18 The third submission was that no consideration was given to whether periodic detention was a sufficient and available alternative. It may be accepted that that option was one which it was appropriate to consider. According to the Crown, the applicant's written submissions to the sentencing judge asked him to take "into consideration on sentence and consider options falling short of full-time custody". There is no reason to conclude that the sentencing judge did not comply with that request. That he did comply with it is supported by the fact that he imposed a non-custodial sentence on the applicant's wife. Further, the sentencing judge said: "A sentence of full-time custody is the only appropriate response". That implies that he considered other responses. There is no reason to suppose that the sentencing judge did not comply with
s 17A(1) of the Crimes Act .
19 It was submitted in a case such as this, taking into account the sentencing judge's duty to bear in mind all the options short of full-time custody, the reasoning process should be stated and it was wrong that appellate courts should have to guess at the reasoning of the trial judge.
20 The written argument placed reliance on Regina v Leonard and Rose (unreported NSWCCA 9 May 1997). In that case Grove J rejected a submission that the sentencing judge had to elaborate on each of the sentencing options he rejects, saying rather that it is his duty only to expose his reasons for the chosen option. In this case the sentencing judge, in my opinion, did this.

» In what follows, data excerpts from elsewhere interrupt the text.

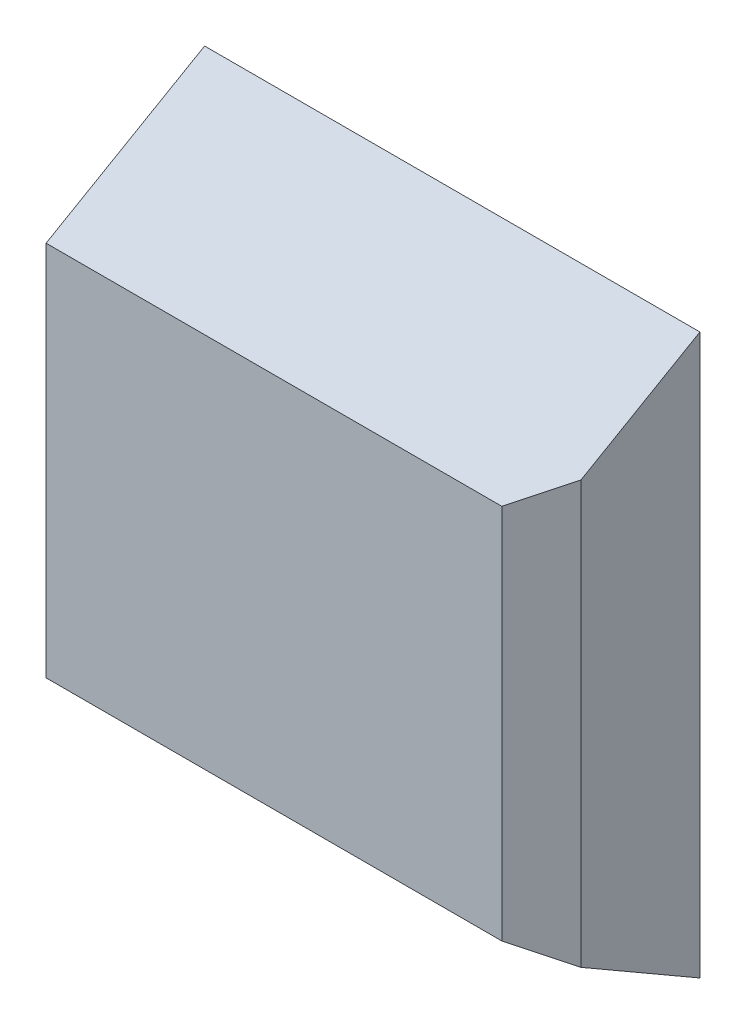
SolidWorks part; units mm, degrees
ref_plane "Front Plane" through (0, 0, 0) normal (0, 0, 1) x (1, 0, 0)
ref_plane "Top Plane" through (0, 0, 0) normal (0, 1, 0) x (1, 0, 0)
ref_plane "Right Plane" through (0, 0, 0) normal (1, 0, 0) x (0, 0, -1)
ref_plane "Plane1" through (0, 0, 4) normal (0, 0, 1) x (1, 0, 0)
sketch "Sketch1" plane through (0, 0, 4) normal (0, 0, 1) x (1, 0, 0)
  line L0 (0, 14.1188) -> (0, 0)
  line L1 (0, 0) -> (12.5, 0)
  line L2 (12.5, 0) -> (12.5, 14.1188)
  line L3 (12.5, 14.1188) -> (0, 14.1188)
extrude "Boss-Extrude1" add sketch "Sketch1" against normal blind 4
draft "Draft1" type of draft neutral plane draft angle 30 faces to draft 2 face at (6.25, 14.1188, 2) face at (6.25, 0, 2) neutral plane through (0, 0, 0) neutral plane normal (0, 0, -1) reverse direction yes parameters "D1"=30
chamfer "Chamfer1" distance 1 angle 45 1 edges at (12.5, 7.0594, 4)
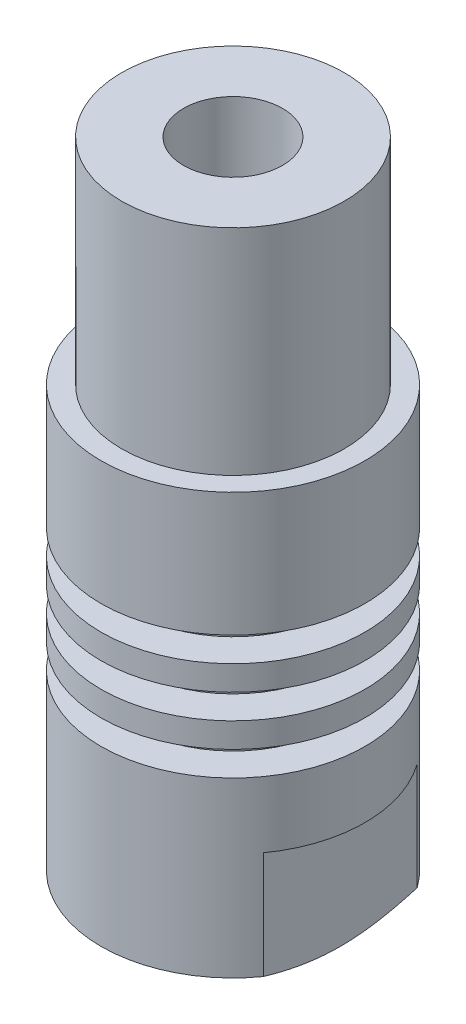
SolidWorks part; units mm, degrees
material "Gomma"
ref_plane "Piano frontale" through (0, 0, 0) normal (0, 0, 1) x (1, 0, 0)
ref_plane "Piano superiore" through (0, 0, 0) normal (0, 1, 0) x (1, 0, 0)
ref_plane "Piano destro" through (0, 0, 0) normal (1, 0, 0) x (0, 0, -1)
sketch "Schizzo1" plane through (0, 0, 0) normal (0, 0, 1) x (1, 0, 0)
  line L0 (0, 0) -> (-5, 0)
  line L1 (-5, 0) -> (-8, 1.5)
  line L2 (-8, 1.5) -> (-8, 12)
  line L3 (-8, 12) -> (-6, 12)
  line L4 (-6, 12) -> (-6, 13.5)
  line L5 (-6, 13.5) -> (-8, 13.5)
  line L6 (-8, 13.5) -> (-8, 15)
  line L7 (-8, 15) -> (-6, 15)
  line L8 (-6, 15) -> (-6, 16.5)
  line L9 (-6, 16.5) -> (-8, 16.5)
  line L10 (-8, 16.5) -> (-8, 18)
  line L11 (-8, 18) -> (-6, 18)
  line L12 (-6, 18) -> (-6, 19.5)
  line L13 (-6, 19.5) -> (-8, 19.5)
  line L14 (-8, 19.5) -> (-8, 27)
  line L15 (-8, 40) -> (0, 40)
  line L18 (-8, 27) -> (-8, 40)
  line L20 (0, 40) -> (0, 0)
  line L21 (0, 129.4074) -> (0, -17.2322) construction
  dimension "D1" = 1.5
  dimension "D2" = 16
  dimension "D3" = 2
  dimension "D4" = 40
  dimension "D5" = 12
  dimension "D8" = 1.5
  dimension "D10" = 10
  dimension "D11" = 12
  dimension "D12" = 1.5
  dimension "D13" = 1.5
revolve "Rivoluzione1" add sketch "Schizzo1" angle 360 about L21
sketch "Schizzo2" plane through (0, 0, 0) normal (0, 0, 1) x (1, 0, 0)
  line L0 (-8, 8) -> (-6.5, 8)
  line L1 (-6.5, 8) -> (-6.5, 0)
  line L2 (-6.5, 0) -> (-8, 0)
  line L3 (-8, 0) -> (-8, 8)
  line L4 (6.5, 8) -> (6.5, 0)
  line L5 (6.5, 0) -> (8, 0)
  line L6 (8, 0) -> (8, 8)
  line L7 (8, 8) -> (6.5, 8)
  line L8 (0, 0) -> (0, 9.0399) construction
  line L9 (-5, 0) -> (5, 0) construction
  line L11 (8, 1.5) -> (8, 12) construction
  line L12 (-8, 12) -> (-8, 1.5) construction
  point P20 (-45.2048, 18.2929)
  point P21 (-40.6745, 40.485)
  point P24 (-39.0987, 37.4647)
  dimension "D2" = 1.5
extrude "Taglio-Estrusione1" cut sketch "Schizzo2" against normal up to next and the other way up to next
sketch "Schizzo7" plane through (0, 40, 0) normal (0, 1, 0) x (1, 0, 0)
  circle A0 centre (0, 0) radius 3
extrude "Taglio-Estrusione2" cut sketch "Schizzo7" against normal through all
hole_wizard "Foro filettato M8-1" positions "Schizzo9" profile "Schizzo8" tap size "M8" standard "ISO"
sketch "Schizzo9" plane through (0, 0, 0) normal (0, -1, 0) x (-1, 0, 0)
  point P0 (0, 0)
sketch "Schizzo8" plane through (0, 0, 0) normal (1, 0, 0) x (0, 0, -1)
  line L0 (0, 0) -> (0, 14.0429)
  line L1 (0, 14.0429) -> (3.4, 12)
  line L2 (3.4, 12) -> (3.4, 0)
  line L5 (3.4, 0) -> (0, 0)
  line L10 (0, 14.0429) -> (-3.4, 12) construction
  line L11 (0, -6.35) -> (0, 107.95) construction
  dimension "Tap Drill Dia." = 6.8
  dimension "Tap Drill Depth" = 12
  dimension "Drill Angle" = 118
cosmetic thread "Filettatura del foro3" parameters "D1"=12, "D2"=8
sketch "Schizzo10" plane through (0, 40, 0) normal (0, 1, 0) x (1, 0, 0)
  circle A0 centre (0, 0) radius 6.75
  dimension "D1" = 13.5
extrude "Taglio-Estrusione3" cut sketch "Schizzo10" against normal blind 13 flip side to cut

21 Gleeson CJ gave consideration to an argument that the trial judge in Leonard and Rose should have referred to periodic detention explicitly because on one reading of the Crown's argument it conceded that periodic detention was the appropriate punishment. Sperling J agreed with the reasons of both Grove J and Gleeson CJ.
22 There is nothing to suggest any concession of a similar kind was made by the Crown in the present case.
23 The fourth argument propounded by the applicant drew attention to the subjective factors affecting the applicant's position. Without repeating the matters to which Mr Bellanto drew attention, they centre on the financial difficulties which faced the applicant at the time the offences were committed and the very serious consequences which the pleas of guilty had for him professionally and personally.
24 Though it is a natural human response to Mr Bellanto's eloquent submissions to experience sympathy for the applicant, the trial judge was conscious of all of those factors and in my judgment his conclusion does not fall outside the range of an appropriate sentencing discretion in this case.
25 I propose that leave to appeal be granted but that the appeal be dismissed.
26 MASON P: I agree.
27 SMART AJ: I also agree.
28 MASON P: The orders of the Court will be as indicated.